▶ [GOAL OF THE EXERCISE] The line containing "39v2.3M190.8 36.7h24.2v9.2h-24.2zM261.2 34.4l1.1" marks the end: copy exactly every line from the start of the records below up to and including it, leaving out pictures.

▶ [MATERIAL FOR THIS TASK]
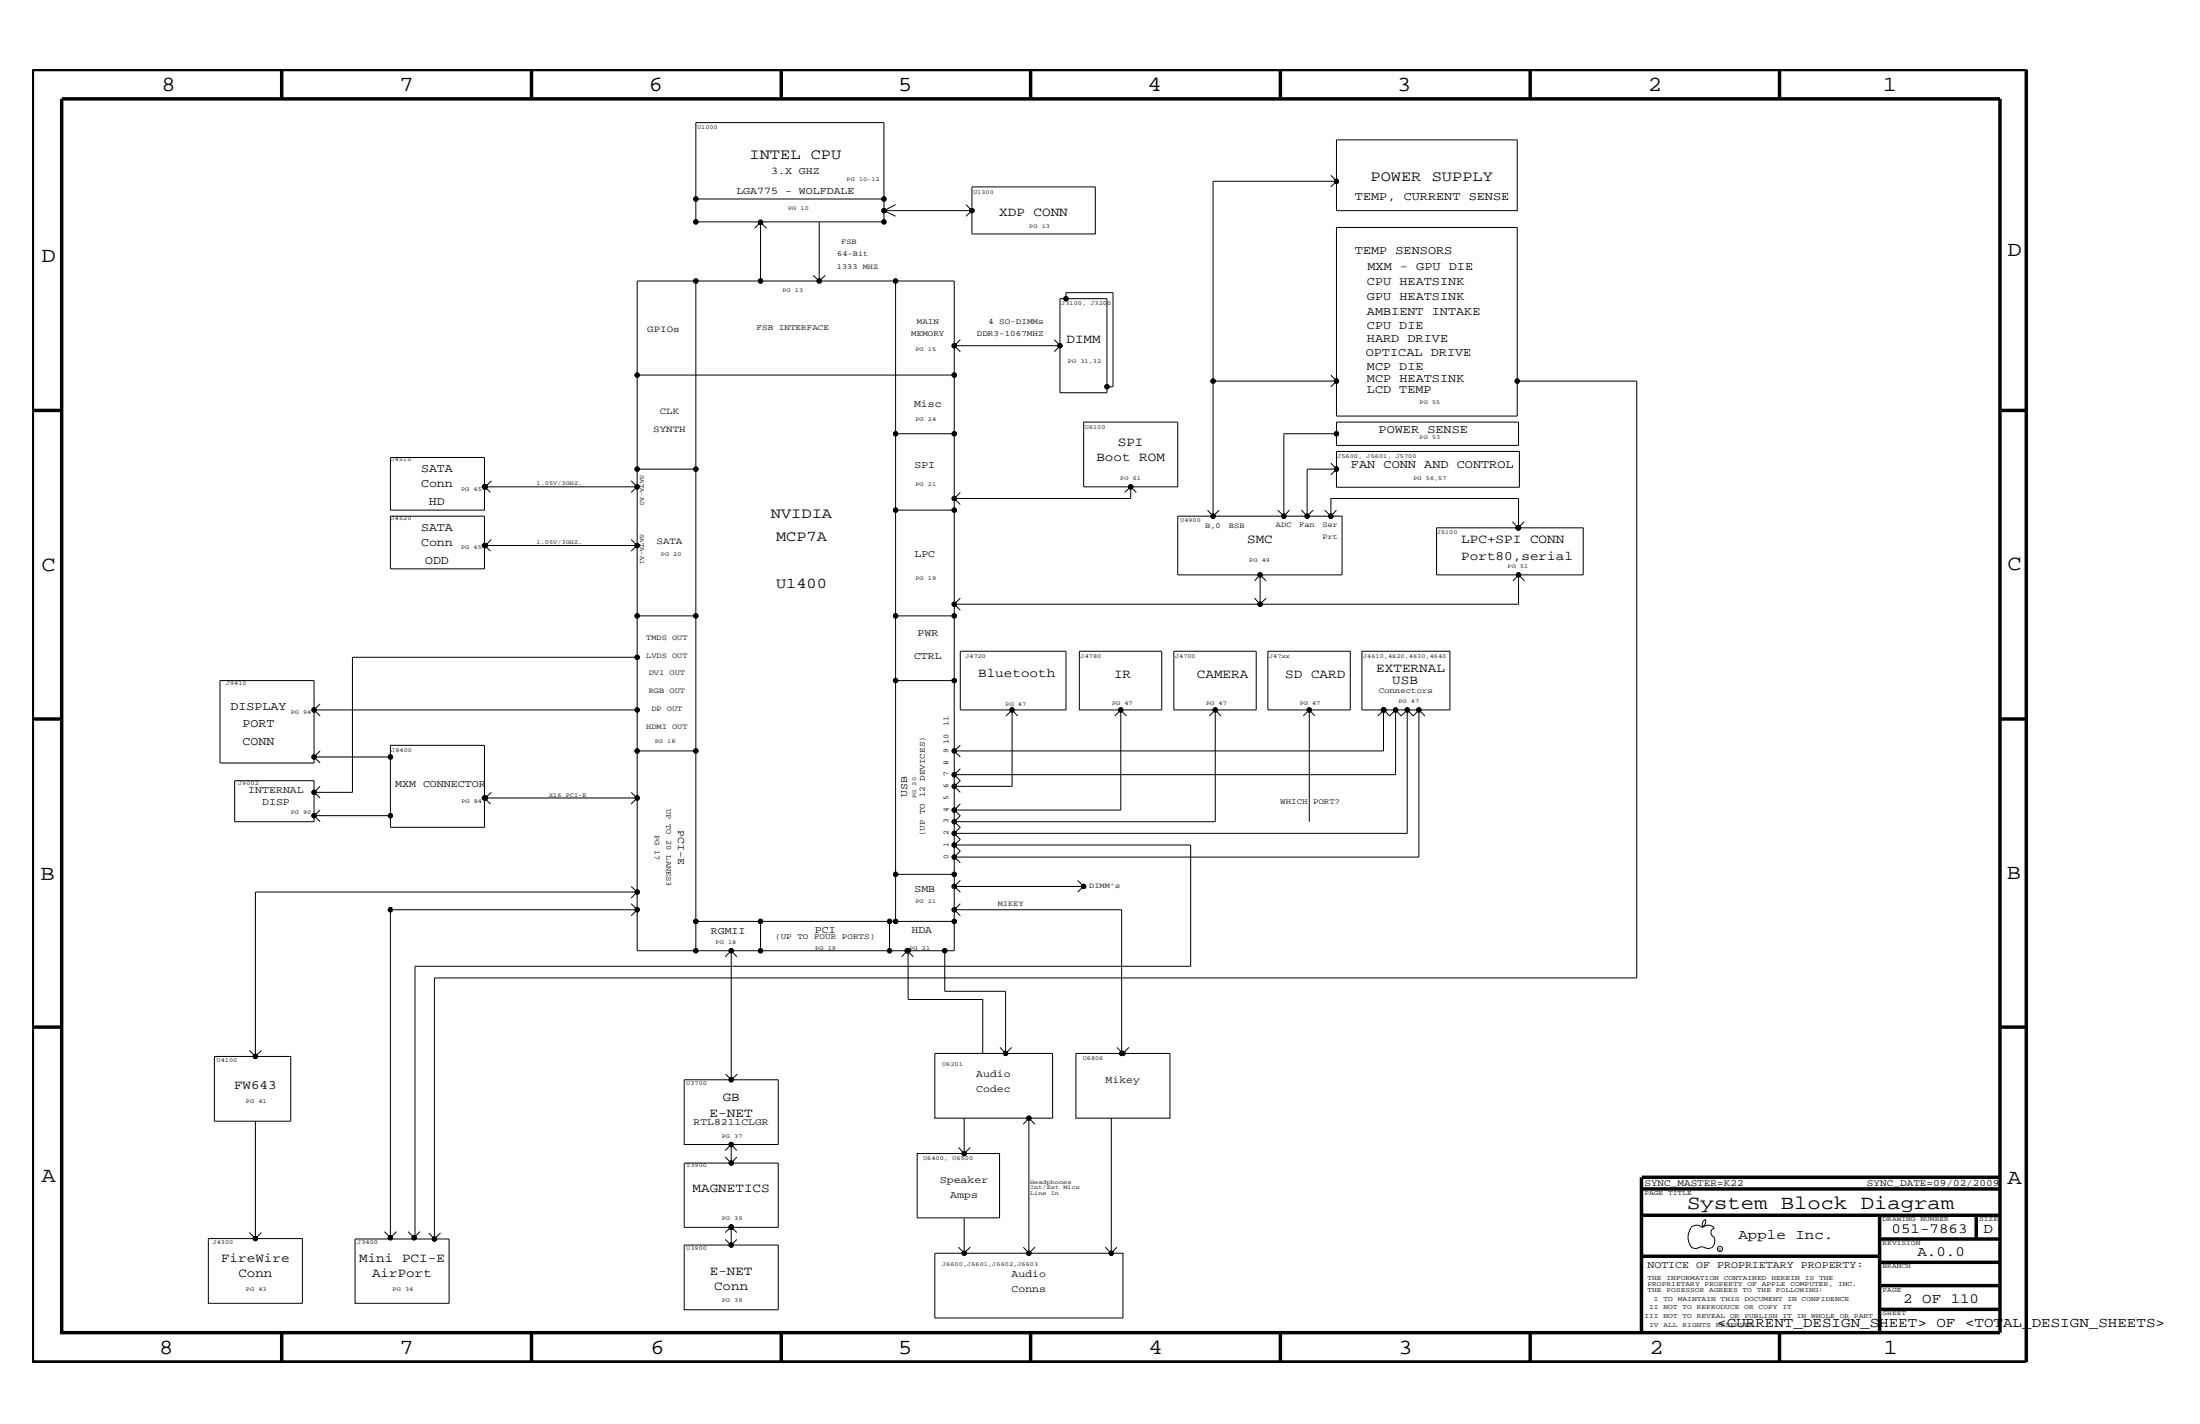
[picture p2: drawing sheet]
<svg xmlns="http://www.w3.org/2000/svg" width="432mm" height="279mm" viewBox="0 0 432 279" stroke-linecap="round" stroke-linejoin="round" font-family="sans-serif">
<g fill="none" stroke="#000" stroke-width=".68" stroke-linecap="butt">
<path d="M6.4 13.6h391.3v253.6h-391.3zM12.1 19.4h380.4v242.1h-380.4zM55.3 13.6v5.8M104.3 13.6v5.8M153.3 13.6v5.8M202.3 13.6v5.8M251.3 13.6v5.8M300.3 13.6v5.8M349.3 13.6v5.8M6.4 80.5h5.7M392.5 80.5h5.2M6.4 141.1h5.7"/>
<path d="M392.5 141.1h5.2M6.4 201.5h5.7M392.5 201.5h5.2M322.2 231v30.5M322.2 233.3h70.3M322.2 238.4h70.3M322.3 231h70.2M368.9 238.4v23.1M387.9 238.4v4.7M322.2 246.5h46.7M368.9 256.9h23.6M368.9 252.2h23.6"/>
<path d="M368.9 247.7h23.6M368.9 243.1h23.6M55.3 261.5v5.7M104.3 261.5v5.7M153.3 261.5v5.7M202.3 261.7v5.5M251.3 261.5v5.7M300.3 261.5v5.7M349.3 261.5v5.7"/>
</g>
<g fill="none" stroke="#000" stroke-width=".2">
<path d="M136.6 39h36.9v-14.9h-36.9v19.4M173.5 39v2.3M190.8 36.7h24.2v9.2h-24.2zM261.2 34.4l1.1 1.2M262.3 35.6h-24.2v39.2h24.2M262.3 35.6v5.7h35.5v-13.9h-35.5v8.2l-1.1 1.1M136.6 55.1v125.7M149.3 43.6v11.5h11.5M149.3 55.1h-24.2v73.9M149.3 43.6l1.2 1.2M149.3 43.6l-1.2 1.2M159.6 54l1.2 1.1"/>
<path d="M160.8 43.6v11.5l1.2-1.1M160.8 55.1h26.5v42.7M173.5 43.5v.1M175.8 40.1l-2.3 1.2h17.3M175.8 55.1v116.5M175.8 42.4l-2.3-1.1v2.2l-36.9 .1M189.6 40.1l1.2 1.2-1.2 1.1M208 58.6h9.3v18.5h-9.3zM209.2 58.6v-1.2h9.3v18.5h-1.2M125.1 73.6h62.2M187.3 67.8h20.7M188.5 66.6l-1.2 1.2 1.2 1.2"/>
<path d="M206.9 66.6l1.1 1.2-1.1 1.2M238.1 74.8v26.5h13.9M261.2 73.6l1.1 1.2v6.8h35.5v-37h-35.5v30.2l-1.1 1.1M297.8 74.8h23.4v117.1h-235.9v51.2M96.4 94.3l-1.1 1.2M123.9 94.3l1.2 1.2-1.2 1.1M125.1 92h11.5M125.1 95.5h-30v4.6h-18.5v-10.3h18.5v5.7l1.2 1.1M175.8 85.1h11.5M187.3 97.8l1.2 1.2M188.5 96.6l-1.2 1.2v2.3M221.9 95.5l-1.2 1.1"/>
<path d="M221.9 95.5h-9.2v-12.7h18.5v12.7h-9.3l1.1 1.1M221.9 95.5v2.3h-34.6M261.2 90.9l1.1 1.1M262.3 85.1h-10.3v16.2l-1.2-1.2M262.3 92h-5.7v9.3l-1.1-1.2M262.3 92v-3.4h35.9v7h-35.9v-3.6l-1.1 1.2M262.3 82.8h35.7v4.6h-35.7zM96.4 105.9l-1.1 1.1M123.9 105.9l1.2 1.1-1.2 1.1M125.1 107h-30v4.6h-18.5v-10.3h18.5v5.7l1.2 1.1M175.8 100.1h11.5M187.3 100.1v51.9"/>
<path d="M187.3 118.6h60M188.5 117.4l-1.2 1.2 1.2 1.1M237 100.1l1.1 1.2 1.2-1.2M238.1 101.3h-6.9v11.5h32.2v-11.5h-2.2M246.2 114l1.1-1.2 1.2 1.2M246.2 117.4l1.1 1.2 1.2-1.2M247.3 112.8v5.8h50.7v-5.8M252 101.3h4.6M253.1 100.1l-1.1 1.2M257.7 100.1l-1.1 1.2M260 100.1l1.2 1.2h-4.6M262.3 100.1l-1.1 1.2v-3.5h36.8v5.8h-16v9.2h16l-1.1 1.2"/>
<path d="M296.9 102.4l1.1 1.2 1.1-1.2M298 103.6h12.7v9.2h-12.7l1.2 1.2M62.8 138.1l-1.2 1.2 1.2 1.2M125.1 129v10.3h-63.5M125.1 120.8h11.5M125.1 139.3v8h11.5M125.1 129h-55.9v26.5h-7.6M175.8 120.8h11.5M175.8 133.5h11.5M198.6 139.3h-10.1v-11.5h20.7v11.5h-10.6l-1.1 1.2M198.6 139.3l1.1 1.2M198.6 139.3v15h-11.3"/>
<path d="M220 139.3h8v-11.5h-16.2v11.5h8.2l-1.2 1.2M220 139.3v19.6h-32.7l1.2 1.1-1.2 1.2M220 139.3l1.1 1.2M238.5 139.3h8.1v-11.5h-16.2v11.5h8.1l-1.2 1.2M238.5 139.3v21.9h-51.2l1.2 1.1-1.2 1.2M238.5 139.3l1.1 1.2M257 139.3l-1.2 1.2M257 139.3l1.1 1.2M257 139.3h-8.1v-11.5h16.1v11.5h-8v21.9M271.5 139.3v8h-84.2l1.2-1.1M273.9 139.3h2.3l1.2 1.2 1.1-1.2h-2.3M273.9 139.3h-6.6v-11.5h17.3v11.5h-6.1l1.2 1.2"/>
<path d="M273.9 139.3v12.7h-86.6M278.5 139.3v28.9h-91.2M61.6 148.5v-15h-18.4v16.2h18.4v-1.2l1.2 1.2M61.6 155.5v4.5M61.6 148.5h15M62.8 154.3l-1.2 1.2M62.8 158.9l-1.2 1.1M62.8 147.3l-1.2 1.2M62.8 156.6l-1.2-1.1v-2.3h-15.5v8h15.5v-1.2l1.2 1.2M95.3 156.6h29.8l-1.2 1.2M96.4 155.5l-1.1 1.1h-.2v-10.4h-18.5v16.1h18.5v-5.7l1.2 1.2M123.9 155.5l1.2 1.1"/>
<path d="M125.1 147.3v39.2h11.5M187.3 158.9v2.3M187.3 147.3l1.2 1.2M187.3 152l1.2 1.2-1.2 1.1zM188.5 155.5l-1.2-1.2v4.6M188.5 157.8l-1.2 1.1M188.5 150.8l-1.2 1.2M270.4 140.5l1.2-1.2 1.1 1.2 1.2-1.2 1.1 1.2 1.2-1.2v24.2h-88.9M61.6 160h15M76.6 178.5v64.3M76.6 178.5h48.5M76.7 178.4l-.1 .1"/>
<path d="M123.9 177.3l1.2 1.2-1.2 1.2M123.9 173.9l1.2 1.1-1.2 1.2M125.1 175h-75v32.3l1.2-1.2M175.8 171.6v9.2h11.5M175.8 171.6h11.5M187.3 163.5v23h-9.2M187.3 178.5h32.8v28.2M187.3 161.2v2.3l1.2 1.2-1.2 1.1 1.2 1.2-1.2 1.2 1.2 1.1M187.3 165.8h46.4v23.8h-152.2v53.2h-.2M188.5 172.7l-1.2 1.2M188.5 177.3l-1.2 1.2 1.2 1.2M211.5 172.7l1.2 1.2"/>
<path d="M212.7 173.9l-1.2 1.1M212.7 173.9h-25.4l1.2 1.1M136.6 180.8v5.7h6.9M136.6 180.8h12.7M143.5 186.5l-1.2 1.2M143.5 186.5h31.1M144.6 187.7l-1.1-1.2v25.4M174.6 180.8h1.2M174.6 180.8h-25.3v5.7M174.6 180.8v5.7h3.5M178.1 186.5l1.2 1.2M178.1 186.5l-1.1 1.2"/>
<path d="M178.2 186.5v9.6h14.7v10.7M185.4 186.5v8h12v12.3M48.9 206.1l1.2 1.2h-8v12.7h15v-12.7h-7M50.1 220v23l-1.2-1.2M142.4 210.8l1.1 1.1h9.2v12.7h-9.2l1.1 1.1M144.7 210.8l-1.2 1.1h-9.2v12.7h9.2M183.5 206.7h23.1v12.7h-23.1zM189.2 219.4v6.9l1.2-1.1M196.3 205.5l1.1 1.2 1.2-1.2M201.9 219.4v26.5l1.2-1.2M211.2 206.7h18.4v12.7h-18.4zM218.1 219.4v26.5l1.1-1.2"/>
<path d="M219.2 205.5l1.2 1.2 1.2-1.2M142.3 227l1.2 1.2h-9.2v12.6h9.2M143.5 224.6v3.6M143.5 224.6l-1.2 1.1M144.6 227l-1.1 1.2h9.2v12.6h-9.2v3.5l1.1-1.1M188.1 225.2l1.1 1.1h-9.2v12.7h16.2v-12.7h-7M189.2 239v6.9M200.8 220.6l1.1-1.2 1.2 1.2M334.7 239.3l.1 .3a1.19 1.19 0 0 1-.6 1.1M334.8 239.3a1.02 1.02 0 0 0-.6 1.3M40.9 243h18.5v12.7h-18.5zM51.3 241.8l-1.2 1.3"/>
<path d="M69.7 243.1h18.4v12.6h-18.4zM75.4 241.7l1.2 1.1M77.8 241.7l-1.2 1.1M80.1 241.7l1.2 1.1M82.4 241.7l-1.1 1.1M84.2 241.9l1.1 1.2M86.4 241.9l-1.1 1.2M134.3 244.3h18.4v12.7h-18.4zM142.3 243.2l1.2 1.2M144.6 241.8l-1.1-1.1-1.2 1.1M188.1 244.7l1.1 1.2M190.4 244.7l-1.2 1.3"/>
<path d="M200.8 244.7l1.1 1.2h-12.7M201.9 245.9l16.2 .1M216.9 244.7l1.2 1.2h2.3v12.7h-36.9v-12.7h5.7M331.9 240.9a1.61 1.61 0 0 1 2.3 0 1.58 1.58 0 0 1 2.3 0M331.9 241a3.1 3.1 0 0 0 .2 3.9M332.1 244.8l.7 .2 .6-.2M333.4 244.9l.6-.3 .7 .3M334.6 244.8l.7 .2 .7-.2M336.5 242.8l.1 .6a1.95 1.95 0 0 1-.6 1.4M336.5 240.9a.93 .93 0 0 0-.7 .9 .93 .93 0 0 0 .7 .9"/>
<circle cx="136.6" cy="39" r=".42"/>
<circle cx="173.5" cy="39" r=".42"/>
<circle cx="262.3" cy="35.6" r=".42"/>
<circle cx="136.6" cy="55.1" r=".42"/>
<circle cx="136.6" cy="43.5" r=".42"/>
<circle cx="149.3" cy="43.6" r=".42"/>
<circle cx="149.3" cy="55.1" r=".42"/>
<circle cx="160.8" cy="55.1" r=".42"/>
<circle cx="173.5" cy="43.5" r=".42"/>
<circle cx="173.5" cy="41.3" r=".42"/>
<circle cx="175.8" cy="55.1" r=".42"/>
<circle cx="190.8" cy="41.3" r=".42"/>
<circle cx="209.2" cy="58.6" r=".42"/>
<circle cx="125.1" cy="73.6" r=".42"/>
<circle cx="187.3" cy="67.8" r=".42"/>
<circle cx="187.3" cy="73.6" r=".42"/>
<circle cx="208" cy="67.8" r=".42"/>
<circle cx="217.3" cy="75.9" r=".42"/>
<circle cx="238.1" cy="74.8" r=".42"/>
<circle cx="262.3" cy="74.8" r=".42"/>
<circle cx="297.8" cy="74.8" r=".42"/>
<circle cx="95.1" cy="95.5" r=".42"/>
<circle cx="95.3" cy="95.5" r=".42"/>
<circle cx="125.1" cy="92" r=".42"/>
<circle cx="125.1" cy="95.5" r=".42"/>
<circle cx="136.6" cy="92" r=".42"/>
<circle cx="175.8" cy="85.1" r=".42"/>
<circle cx="187.3" cy="85.1" r=".42"/>
<circle cx="187.3" cy="97.8" r=".42"/>
<circle cx="221.9" cy="95.5" r=".42"/>
<circle cx="262.3" cy="92" r=".42"/>
<circle cx="262.3" cy="85.1" r=".42"/>
<circle cx="95.1" cy="107" r=".42"/>
<circle cx="95.3" cy="107" r=".42"/>
<circle cx="125.1" cy="107" r=".42"/>
<circle cx="175.8" cy="100.1" r=".42"/>
<circle cx="187.3" cy="118.6" r=".42"/>
<circle cx="187.3" cy="100.1" r=".42"/>
<circle cx="238.1" cy="101.3" r=".42"/>
<circle cx="247.3" cy="112.8" r=".42"/>
<circle cx="247.3" cy="118.6" r=".42"/>
<circle cx="252" cy="101.3" r=".42"/>
<circle cx="256.6" cy="101.3" r=".42"/>
<circle cx="261.2" cy="101.3" r=".42"/>
<circle cx="298" cy="103.6" r=".42"/>
<circle cx="298" cy="112.8" r=".42"/>
<circle cx="61.6" cy="139.3" r=".42"/>
<circle cx="125.1" cy="129" r=".42"/>
<circle cx="125.1" cy="120.8" r=".42"/>
<circle cx="125.1" cy="139.3" r=".42"/>
<circle cx="136.6" cy="120.8" r=".42"/>
<circle cx="175.8" cy="120.8" r=".42"/>
<circle cx="175.8" cy="133.5" r=".42"/>
<circle cx="187.3" cy="133.5" r=".42"/>
<circle cx="187.3" cy="120.8" r=".42"/>
<circle cx="198.6" cy="139.3" r=".42"/>
<circle cx="220" cy="139.3" r=".42"/>
<circle cx="238.5" cy="139.3" r=".42"/>
<circle cx="257" cy="139.3" r=".42"/>
<circle cx="271.5" cy="139.3" r=".42"/>
<circle cx="271.6" cy="139.3" r=".42"/>
<circle cx="273.9" cy="139.3" r=".42"/>
<circle cx="276.2" cy="139.3" r=".42"/>
<circle cx="278.5" cy="139.3" r=".42"/>
<circle cx="61.6" cy="155.5" r=".42"/>
<circle cx="61.6" cy="148.5" r=".42"/>
<circle cx="76.6" cy="148.5" r=".42"/>
<circle cx="95.1" cy="156.6" r=".42"/>
<circle cx="95.3" cy="156.6" r=".42"/>
<circle cx="125.1" cy="147.3" r=".42"/>
<circle cx="125.1" cy="156.6" r=".42"/>
<circle cx="136.6" cy="147.3" r=".42"/>
<circle cx="187.3" cy="147.3" r=".42"/>
<circle cx="187.3" cy="158.9" r=".42"/>
<circle cx="187.3" cy="154.3" r=".42"/>
<circle cx="187.3" cy="152" r=".42"/>
<circle cx="61.6" cy="160" r=".42"/>
<circle cx="76.6" cy="160" r=".42"/>
<circle cx="76.6" cy="178.5" r=".42"/>
<circle cx="125.1" cy="178.5" r=".42"/>
<circle cx="125.1" cy="175" r=".42"/>
<circle cx="175.8" cy="171.6" r=".42"/>
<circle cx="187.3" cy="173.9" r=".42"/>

▶ [RESULT BELOW]
[picture p2: drawing sheet]
<svg xmlns="http://www.w3.org/2000/svg" width="432mm" height="279mm" viewBox="0 0 432 279" stroke-linecap="round" stroke-linejoin="round" font-family="sans-serif">
<g fill="none" stroke="#000" stroke-width=".68" stroke-linecap="butt">
<path d="M6.4 13.6h391.3v253.6h-391.3zM12.1 19.4h380.4v242.1h-380.4zM55.3 13.6v5.8M104.3 13.6v5.8M153.3 13.6v5.8M202.3 13.6v5.8M251.3 13.6v5.8M300.3 13.6v5.8M349.3 13.6v5.8M6.4 80.5h5.7M392.5 80.5h5.2M6.4 141.1h5.7"/>
<path d="M392.5 141.1h5.2M6.4 201.5h5.7M392.5 201.5h5.2M322.2 231v30.5M322.2 233.3h70.3M322.2 238.4h70.3M322.3 231h70.2M368.9 238.4v23.1M387.9 238.4v4.7M322.2 246.5h46.7M368.9 256.9h23.6M368.9 252.2h23.6"/>
<path d="M368.9 247.7h23.6M368.9 243.1h23.6M55.3 261.5v5.7M104.3 261.5v5.7M153.3 261.5v5.7M202.3 261.7v5.5M251.3 261.5v5.7M300.3 261.5v5.7M349.3 261.5v5.7"/>
</g>
<g fill="none" stroke="#000" stroke-width=".2">
<path d="M136.6 39h36.9v-14.9h-36.9v19.4M173.5 39v2.3M190.8 36.7h24.2v9.2h-24.2zM261.2 34.4l1.1 1.2M262.3 35.6h-24.2v39.2h24.2M262.3 35.6v5.7h35.5v-13.9h-35.5v8.2l-1.1 1.1M136.6 55.1v125.7M149.3 43.6v11.5h11.5M149.3 55.1h-24.2v73.9M149.3 43.6l1.2 1.2M149.3 43.6l-1.2 1.2M159.6 54l1.2 1.1"/>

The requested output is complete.